The road ahead of the rockstar may be less directed by formal qualifications and the path to success less linear perhaps, but there is no better school for entrepreneurs than the teenage passion to create something out of nothing and to get strangers to pay money for your dreams. The 10,000 hours spent mastering the guitar are not wasted; whether or not that particular guitarist ends up playing a screaming solo at Wembley to adoring crowds. Plenty end up as lawyers and bankers and even more end up in A&R, marketing, PR, branding, music management, music publishing and the plethora of tech platforms leading us into the digital music revolution and providing the infrastructure and ecosystem in which those few that do make it, thrive.
In fact some of the routes available to the rockstar that doesn’t make it are the core targets in our nation’s plan for economic growth into the future. The astronaut on the other hand could be argued to be destined to be an employee; fulfilling incredibly important roles without doubt but generally from within larger organisations and therefore arguably less likely to be catalysing Britain’s next big thing on the international business stage.
It is time we stopped being scared to dream and time we started taking seriously the genuine opportunities generated by music learning.
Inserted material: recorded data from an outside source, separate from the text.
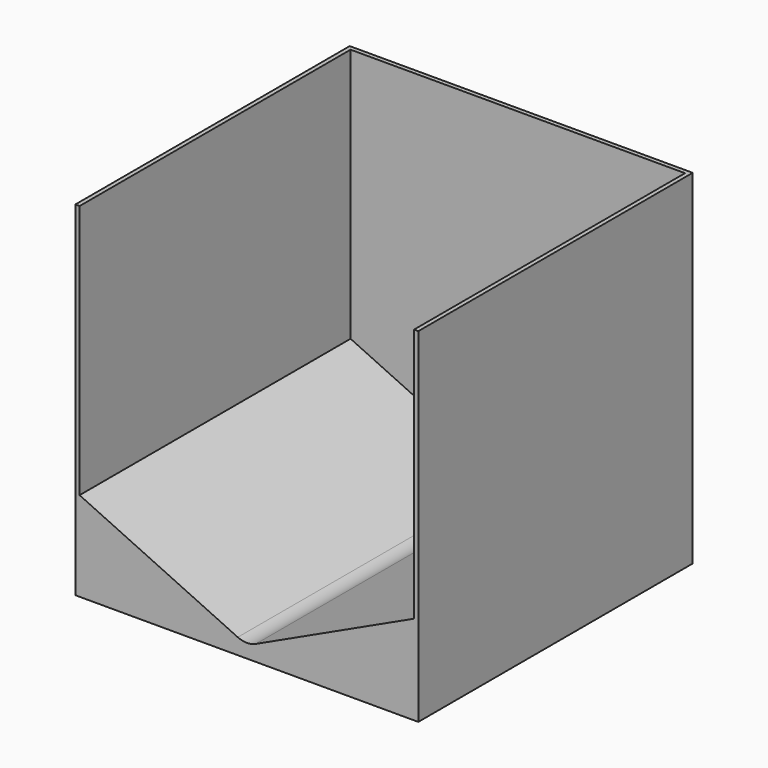
from build123d import *

# Parameters (mm, degrees)
F1_DEPTH     = 100
F2_T         = -2.5
F3_R         = 5
F4_DEPTH     = 200.001
F6_DEPTH     = 200
F7_T         = 10
F7_T3_DEPTH  = 168.4060893131
F7_T5_DEPTH  = 121.7259809119
F7_T7_DEPTH  = 121.7259809119
F7_T9_DEPTH  = 217.5
F7_T12_ANGLE = 49.9194838504


# Not quite as in the source:
# - a shell that OpenCascade refuses in one call is made with other operations: the cavity is built on its own and cut out


with BuildPart() as f1:
    # F0 (on Front) → F1 (new body, symmetric)
    with BuildSketch(Plane.XZ):
        with BuildLine():
            Line((200, 150), (0, 150))
            Line((0, 150), (0, 0))
            Line((0, 0), (93.6702797046, -43.5990676512))
            ThreePointArc((93.6702797046, -43.5990676512), (91.9360618935, -17.3519605387), (115, -30))
            ThreePointArc((115, -30), (112.6480394613, -38.0639381065), (106.3297202954, -43.5990676512))
            Line((106.3297202954, -43.5990676512), (200, 0))
            Line((200, 0), (200, 150))
        make_face()
        with BuildLine():
            ThreePointArc((115, -30), (91.9360618935, -17.3519605387), (93.6702797046, -43.5990676512))
            ThreePointArc((93.6702797046, -43.5990676512), (100, -45), (106.3297202954, -43.5990676512))
            ThreePointArc((106.3297202954, -43.5990676512), (112.6480394613, -38.0639381065), (115, -30))
        make_face()
    extrude(amount=F1_DEPTH, both=True)

    # F2
    f2_openings = [f1.faces().sort_by_distance(p)[0] for p in [
        (100, -100, 62.86367),
        (100, 0, 150),
    ]]
    offset(amount=F2_T, openings=f2_openings)

    # F3 (on face) → F4 (cut, through all)
    with BuildSketch(Plane(origin=(0, 100, 0), x_dir=(-1, 0, 0), z_dir=(0, 1, 0))):
        with Locations((-100, -35)):
            Circle(F3_R)
    extrude(amount=-F4_DEPTH, mode=Mode.SUBTRACT)

    # F5 (on face) → F6 (join)
    with BuildSketch(Plane.XZ.offset(100)):
        with BuildLine():
            Line((93.6702797046, -43.5990676512), (0, 0))
            Line((0, 0), (0, -50.5793318152))
            Line((0, -50.5793318152), (200, -50.5793318152))
            Line((200, -50.5793318152), (200, 0))
            Line((200, 0), (106.3297202954, -43.5990676512))
            ThreePointArc((106.3297202954, -43.5990676512), (103.2414491537, -44.64557979), (100, -45))
            ThreePointArc((100, -45), (96.7585508463, -44.64557979), (93.6702797046, -43.5990676512))
        make_face()
    extrude(amount=-F6_DEPTH)

    # F7: shell of thickness 10, made by hand


with BuildPart() as f7_core1:
    # F7_t2: copy of F1
    add(f1.part)

    # the walls: a layer under each face that stays
    f7_faces = [f7_core1.faces().sort_by_distance(p)[0] for p in [
        (200, 0, 49.7103340924),
        (100, 100, 49.7103340924),
        (105, 98.75, -35),
        (100, 97.5, 53.75),
        (100, -1.25, -42.5),
        (48.6126165436, -1.25, -19.8693228445),
        (151.3873834564, -1.25, -19.8693228445),
        (2.5, -1.25, 75.7969553435),
        (197.5, -1.25, 75.7969553435),
        (0, 0, 49.7103340924),
        (33.3333333333, -100, -17.1494431794),
        (31.25, 97.5308641975, 150),
    ]]
    thicken(f7_faces, amount=-F7_T, mode=Mode.SUBTRACT)

    # F7_s4 → F7_t3 (cut)
    with BuildSketch(Plane.XY.offset(-8.4060893131)):
        Polygon((197.4, 97.4), (197.5, 107.5), (207.5, 107.5), (207.5, 97.5), align=None)
        Polygon((2.6, 97.4), (2.5, 107.5), (-7.5, 107.5), (-7.5, 97.5), align=None)
    extrude(amount=F7_T3_DEPTH, mode=Mode.SUBTRACT)

    # F7_s6 → F7_t5 (cut)
    with BuildSketch(Plane(origin=(61.6500227345, 0, 28.695158383), x_dir=(0, 1, 0), z_dir=(0.9066045101, 0, 0.421981353))):
        Polygon((97.4, -81.7962706049), (107.5, -81.8962706049), (107.5, -91.8962706049), (97.5, -91.8962706049), align=None)
    extrude(amount=F7_T5_DEPTH, mode=Mode.SUBTRACT)

    # F7_s8 → F7_t7 (cut)
    with BuildSketch(Plane(origin=(-7.6209984834, 0, 3.547212942), x_dir=(0, 1, 0), z_dir=(0.9066045101, 0, -0.421981353))):
        Polygon((97.4, 2.6), (107.5, 2.5), (107.5, -7.5), (97.5, -7.5), align=None)
    extrude(amount=F7_T7_DEPTH, mode=Mode.SUBTRACT)

    # F7_s10 → F7_t9 (cut)
    with BuildSketch(Plane.XZ.offset(-107.5)):
        Polygon((2.6421981353, 1.6845711379), (-1.7198135302, -7.4721344139), (-7.5, -4.7817320608), (-7.5, 1.5939106869), align=None)
        Polygon((197.3578018647, 1.6845711379), (201.7198135302, -7.4721344139), (207.5, -4.7817320608), (207.5, 1.5939106869), align=None)
    extrude(amount=F7_T9_DEPTH, mode=Mode.SUBTRACT)

    # F7_s11 → F7_t12 (revolve, cut)
    with BuildSketch(Plane(origin=(93.6702797046, 0, -43.5990676512), x_dir=(0, 1, 0), z_dir=(-0.9066045101, 0, 0.421981353))):
        Polygon((97.4, -2.6), (107.5, -2.5), (107.5, 7.5), (97.5, 7.5), align=None)
    revolve(axis=Axis((100, 97.5, -30), (0, -1, 0)), revolution_arc=F7_T12_ANGLE, mode=Mode.SUBTRACT)


with BuildPart() as f1_1:
    add(f1.part)

    # what is left inside the walls is the cavity
    f7_cavity = [f7_core1.part.solids().sort_by_distance(p)[0] for p in [
        (149.789488, 30, -31.753537),
        (50.210512, 30, -31.753537),
    ]]
    add(f7_cavity, mode=Mode.SUBTRACT)


solid = f1_1.part

It is time also we properly recognise the Artist as entrepreneur and value generator, setting government investment in their education and development against outcomes in the commercial world as well as the cultural one.
In the final, analysis of success vs failure therefore, and between two careers with very long odds of ‘making it’, the rockstar in this case must surely have the edge as we must not forget that beyond the business debate, there is the emotional gain to each individual that takes part.
Playing music feels great and whilst the astronaut who doesn’t get to NASA can’t pop on the white suit on the weekend and go for a little float in their dream, the rockstar who never quite broke through can do just that and whether or not they are happy with their lot, they can always play on.